Mutagenesis screens provide an unbiased and genome-wide, large-scale approach for identifying novel genes or gene functions. The MPI EB (C. Nüsslein-Volhard) is hosting a screen of 6,000 mutagenized genomes to isolate mutations specifically afflicting organogenesis and tissue formation, using technology established in previous large-scale screens. This screen uses the Tübingen line as a genetic background whose suitability has been proven in previous projects. Screening will also be performed for adult phenotypes displaying altered formation or growth of adult structures, as to date very little is known about the genetic basis underlying these processes, as well as impaired wound healing and behavioral abnormalities.
The Tübingen screen has been split in several phases. Each phase has a duration of 5 – 6 months and involves the screening of 1,500 – 2,500 families.
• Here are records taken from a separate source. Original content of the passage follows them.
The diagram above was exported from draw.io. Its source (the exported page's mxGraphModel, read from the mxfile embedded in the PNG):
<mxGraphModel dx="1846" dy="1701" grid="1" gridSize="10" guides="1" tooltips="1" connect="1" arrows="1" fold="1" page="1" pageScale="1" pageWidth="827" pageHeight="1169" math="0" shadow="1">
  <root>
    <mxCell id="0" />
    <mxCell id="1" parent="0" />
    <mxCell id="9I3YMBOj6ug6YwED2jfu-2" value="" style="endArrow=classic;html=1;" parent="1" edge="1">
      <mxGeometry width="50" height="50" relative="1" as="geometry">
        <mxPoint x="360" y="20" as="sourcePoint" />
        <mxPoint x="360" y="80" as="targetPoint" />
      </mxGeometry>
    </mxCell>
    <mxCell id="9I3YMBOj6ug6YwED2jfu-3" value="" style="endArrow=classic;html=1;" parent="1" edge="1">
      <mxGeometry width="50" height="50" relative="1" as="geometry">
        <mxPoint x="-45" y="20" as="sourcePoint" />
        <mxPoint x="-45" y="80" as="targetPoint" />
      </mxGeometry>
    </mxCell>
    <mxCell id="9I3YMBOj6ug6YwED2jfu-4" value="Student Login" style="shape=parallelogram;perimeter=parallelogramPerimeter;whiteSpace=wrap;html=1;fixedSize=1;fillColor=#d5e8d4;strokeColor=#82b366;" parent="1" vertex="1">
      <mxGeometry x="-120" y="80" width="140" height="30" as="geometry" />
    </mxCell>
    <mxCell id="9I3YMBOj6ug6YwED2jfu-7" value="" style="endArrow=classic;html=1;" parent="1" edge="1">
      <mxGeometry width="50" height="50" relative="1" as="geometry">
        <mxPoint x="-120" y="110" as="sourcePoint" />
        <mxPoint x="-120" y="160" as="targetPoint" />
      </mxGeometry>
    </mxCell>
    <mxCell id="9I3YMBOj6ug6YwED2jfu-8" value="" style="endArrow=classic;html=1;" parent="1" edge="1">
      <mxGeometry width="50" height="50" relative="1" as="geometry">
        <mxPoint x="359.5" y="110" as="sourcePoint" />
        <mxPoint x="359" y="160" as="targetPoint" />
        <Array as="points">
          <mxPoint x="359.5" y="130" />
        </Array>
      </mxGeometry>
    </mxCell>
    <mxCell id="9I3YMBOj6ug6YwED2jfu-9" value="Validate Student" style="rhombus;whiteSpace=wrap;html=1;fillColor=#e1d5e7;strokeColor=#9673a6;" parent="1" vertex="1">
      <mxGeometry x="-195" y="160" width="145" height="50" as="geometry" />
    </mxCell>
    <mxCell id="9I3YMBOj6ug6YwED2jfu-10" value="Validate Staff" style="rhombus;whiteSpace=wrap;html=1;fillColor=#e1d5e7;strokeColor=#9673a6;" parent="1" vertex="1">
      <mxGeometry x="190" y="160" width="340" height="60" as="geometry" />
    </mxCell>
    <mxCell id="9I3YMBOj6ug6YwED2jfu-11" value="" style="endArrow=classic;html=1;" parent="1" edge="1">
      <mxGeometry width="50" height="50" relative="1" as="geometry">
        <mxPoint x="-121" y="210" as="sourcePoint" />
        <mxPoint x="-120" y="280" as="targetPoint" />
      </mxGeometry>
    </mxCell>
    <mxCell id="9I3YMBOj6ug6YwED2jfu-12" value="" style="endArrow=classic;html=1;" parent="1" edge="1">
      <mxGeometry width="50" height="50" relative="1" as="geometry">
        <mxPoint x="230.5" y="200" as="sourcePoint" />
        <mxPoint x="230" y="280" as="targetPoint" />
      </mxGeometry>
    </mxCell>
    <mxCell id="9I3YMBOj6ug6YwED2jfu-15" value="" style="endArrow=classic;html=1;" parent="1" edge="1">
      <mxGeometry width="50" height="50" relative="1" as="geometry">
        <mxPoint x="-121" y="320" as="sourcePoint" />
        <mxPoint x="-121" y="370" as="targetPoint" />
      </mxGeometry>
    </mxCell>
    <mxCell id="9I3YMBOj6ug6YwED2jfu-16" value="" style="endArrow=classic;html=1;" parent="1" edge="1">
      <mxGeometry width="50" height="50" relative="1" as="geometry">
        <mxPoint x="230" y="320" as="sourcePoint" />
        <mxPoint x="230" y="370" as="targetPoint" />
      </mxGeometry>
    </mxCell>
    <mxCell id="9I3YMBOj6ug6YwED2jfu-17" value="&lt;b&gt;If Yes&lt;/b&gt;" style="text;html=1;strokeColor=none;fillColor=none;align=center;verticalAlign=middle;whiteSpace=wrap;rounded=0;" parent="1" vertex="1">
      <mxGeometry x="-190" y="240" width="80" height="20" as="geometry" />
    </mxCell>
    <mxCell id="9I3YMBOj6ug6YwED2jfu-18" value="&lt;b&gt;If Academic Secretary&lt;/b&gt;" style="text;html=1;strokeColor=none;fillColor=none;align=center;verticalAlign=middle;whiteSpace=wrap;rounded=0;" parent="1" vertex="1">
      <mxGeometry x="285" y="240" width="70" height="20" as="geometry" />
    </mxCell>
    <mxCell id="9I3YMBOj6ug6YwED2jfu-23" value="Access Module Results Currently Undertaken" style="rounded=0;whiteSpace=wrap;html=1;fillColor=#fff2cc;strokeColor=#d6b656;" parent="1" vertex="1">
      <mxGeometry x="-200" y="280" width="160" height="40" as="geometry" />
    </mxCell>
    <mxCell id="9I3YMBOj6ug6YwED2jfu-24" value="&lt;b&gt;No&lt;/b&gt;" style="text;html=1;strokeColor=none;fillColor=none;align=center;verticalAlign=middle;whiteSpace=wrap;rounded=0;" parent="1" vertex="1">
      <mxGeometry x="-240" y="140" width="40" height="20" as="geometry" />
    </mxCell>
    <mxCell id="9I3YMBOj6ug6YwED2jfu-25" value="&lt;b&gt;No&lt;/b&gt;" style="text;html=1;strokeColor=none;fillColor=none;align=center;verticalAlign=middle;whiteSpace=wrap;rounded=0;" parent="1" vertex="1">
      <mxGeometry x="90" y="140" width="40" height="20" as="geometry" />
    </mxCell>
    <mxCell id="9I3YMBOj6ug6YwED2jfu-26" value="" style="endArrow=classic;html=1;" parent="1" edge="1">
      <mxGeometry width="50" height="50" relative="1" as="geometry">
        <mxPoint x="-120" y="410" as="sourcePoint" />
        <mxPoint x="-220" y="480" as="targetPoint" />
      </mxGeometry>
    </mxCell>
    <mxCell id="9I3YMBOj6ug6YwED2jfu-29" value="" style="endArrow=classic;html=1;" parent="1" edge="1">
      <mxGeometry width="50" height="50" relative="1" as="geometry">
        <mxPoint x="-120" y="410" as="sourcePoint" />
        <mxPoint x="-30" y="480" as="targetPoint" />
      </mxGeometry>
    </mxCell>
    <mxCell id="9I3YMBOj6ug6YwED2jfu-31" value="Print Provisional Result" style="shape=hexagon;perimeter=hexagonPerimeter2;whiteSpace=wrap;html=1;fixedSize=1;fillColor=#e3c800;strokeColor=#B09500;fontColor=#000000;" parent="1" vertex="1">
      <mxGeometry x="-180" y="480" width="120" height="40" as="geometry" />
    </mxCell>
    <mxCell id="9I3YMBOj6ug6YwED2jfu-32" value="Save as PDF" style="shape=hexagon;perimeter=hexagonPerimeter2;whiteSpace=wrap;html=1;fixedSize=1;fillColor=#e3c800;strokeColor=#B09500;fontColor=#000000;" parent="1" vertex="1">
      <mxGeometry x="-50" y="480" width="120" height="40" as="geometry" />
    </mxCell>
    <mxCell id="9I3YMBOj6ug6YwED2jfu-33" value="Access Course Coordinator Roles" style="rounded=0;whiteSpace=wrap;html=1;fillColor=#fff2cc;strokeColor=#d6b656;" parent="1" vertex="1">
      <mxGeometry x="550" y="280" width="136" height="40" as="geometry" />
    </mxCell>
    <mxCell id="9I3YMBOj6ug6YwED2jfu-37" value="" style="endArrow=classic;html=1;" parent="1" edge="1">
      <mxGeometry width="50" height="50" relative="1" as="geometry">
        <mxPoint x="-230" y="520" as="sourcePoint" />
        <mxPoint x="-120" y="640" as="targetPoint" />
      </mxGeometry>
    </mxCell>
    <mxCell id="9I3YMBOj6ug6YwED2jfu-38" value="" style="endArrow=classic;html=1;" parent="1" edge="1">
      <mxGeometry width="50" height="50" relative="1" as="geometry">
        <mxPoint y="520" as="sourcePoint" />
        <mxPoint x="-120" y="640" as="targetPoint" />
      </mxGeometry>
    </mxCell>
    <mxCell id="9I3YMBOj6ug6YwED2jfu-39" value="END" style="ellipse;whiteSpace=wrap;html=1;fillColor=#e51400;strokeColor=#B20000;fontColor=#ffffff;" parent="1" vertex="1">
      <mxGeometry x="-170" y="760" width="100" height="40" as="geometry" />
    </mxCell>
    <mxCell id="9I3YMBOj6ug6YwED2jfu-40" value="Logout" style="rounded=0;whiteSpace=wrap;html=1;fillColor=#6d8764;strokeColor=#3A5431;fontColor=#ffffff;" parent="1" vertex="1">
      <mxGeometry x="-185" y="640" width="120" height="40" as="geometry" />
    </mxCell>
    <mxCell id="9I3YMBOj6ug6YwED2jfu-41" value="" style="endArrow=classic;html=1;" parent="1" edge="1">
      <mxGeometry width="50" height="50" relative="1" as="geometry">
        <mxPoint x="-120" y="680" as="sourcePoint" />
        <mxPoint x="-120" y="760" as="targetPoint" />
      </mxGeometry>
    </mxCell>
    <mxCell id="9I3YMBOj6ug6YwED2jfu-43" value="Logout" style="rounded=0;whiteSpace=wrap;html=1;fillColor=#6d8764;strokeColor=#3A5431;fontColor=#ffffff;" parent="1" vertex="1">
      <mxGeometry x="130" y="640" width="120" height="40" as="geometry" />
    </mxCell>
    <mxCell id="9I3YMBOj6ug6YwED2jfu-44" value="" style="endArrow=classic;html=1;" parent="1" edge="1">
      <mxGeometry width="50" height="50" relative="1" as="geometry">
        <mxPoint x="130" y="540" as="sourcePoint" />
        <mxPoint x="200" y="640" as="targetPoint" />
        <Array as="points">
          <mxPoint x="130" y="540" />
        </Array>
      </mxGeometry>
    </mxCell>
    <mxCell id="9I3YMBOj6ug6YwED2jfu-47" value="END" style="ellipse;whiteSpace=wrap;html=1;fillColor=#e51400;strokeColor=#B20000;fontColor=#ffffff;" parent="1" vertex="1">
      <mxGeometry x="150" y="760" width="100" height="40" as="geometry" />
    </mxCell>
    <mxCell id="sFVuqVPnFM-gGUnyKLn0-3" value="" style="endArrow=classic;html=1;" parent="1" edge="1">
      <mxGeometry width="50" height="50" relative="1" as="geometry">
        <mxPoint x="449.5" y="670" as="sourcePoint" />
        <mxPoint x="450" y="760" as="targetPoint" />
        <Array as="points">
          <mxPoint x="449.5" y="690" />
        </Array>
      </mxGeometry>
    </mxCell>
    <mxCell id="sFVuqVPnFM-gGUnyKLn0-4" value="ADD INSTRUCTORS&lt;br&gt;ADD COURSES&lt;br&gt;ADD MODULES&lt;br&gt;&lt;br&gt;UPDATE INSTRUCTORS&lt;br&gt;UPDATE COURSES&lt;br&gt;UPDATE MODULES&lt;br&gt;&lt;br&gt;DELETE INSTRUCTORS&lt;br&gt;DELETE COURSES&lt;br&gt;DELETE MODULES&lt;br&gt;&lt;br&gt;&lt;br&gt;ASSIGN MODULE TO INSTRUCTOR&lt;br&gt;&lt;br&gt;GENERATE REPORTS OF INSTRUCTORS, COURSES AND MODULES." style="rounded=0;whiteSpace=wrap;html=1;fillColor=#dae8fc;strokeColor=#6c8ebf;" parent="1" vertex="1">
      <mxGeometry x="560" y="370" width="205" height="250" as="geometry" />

This scheme allows for assays developed in the course of the project to be incorporated into later phases, resulting in more flexibility to maximize the scientific output of the workpackage.
In order to identify mutations with relevance for neurogenerative diseases in the dopaminergic system, like Parkinson's disease, a second screen of 1,000 mutagenized genomes will be carried out by U Freiburg in transgenic fish carrying green fluorescent protein (GFP) fusion proteins (generated in WP2). We anticipate a start of the screen in fall 2006.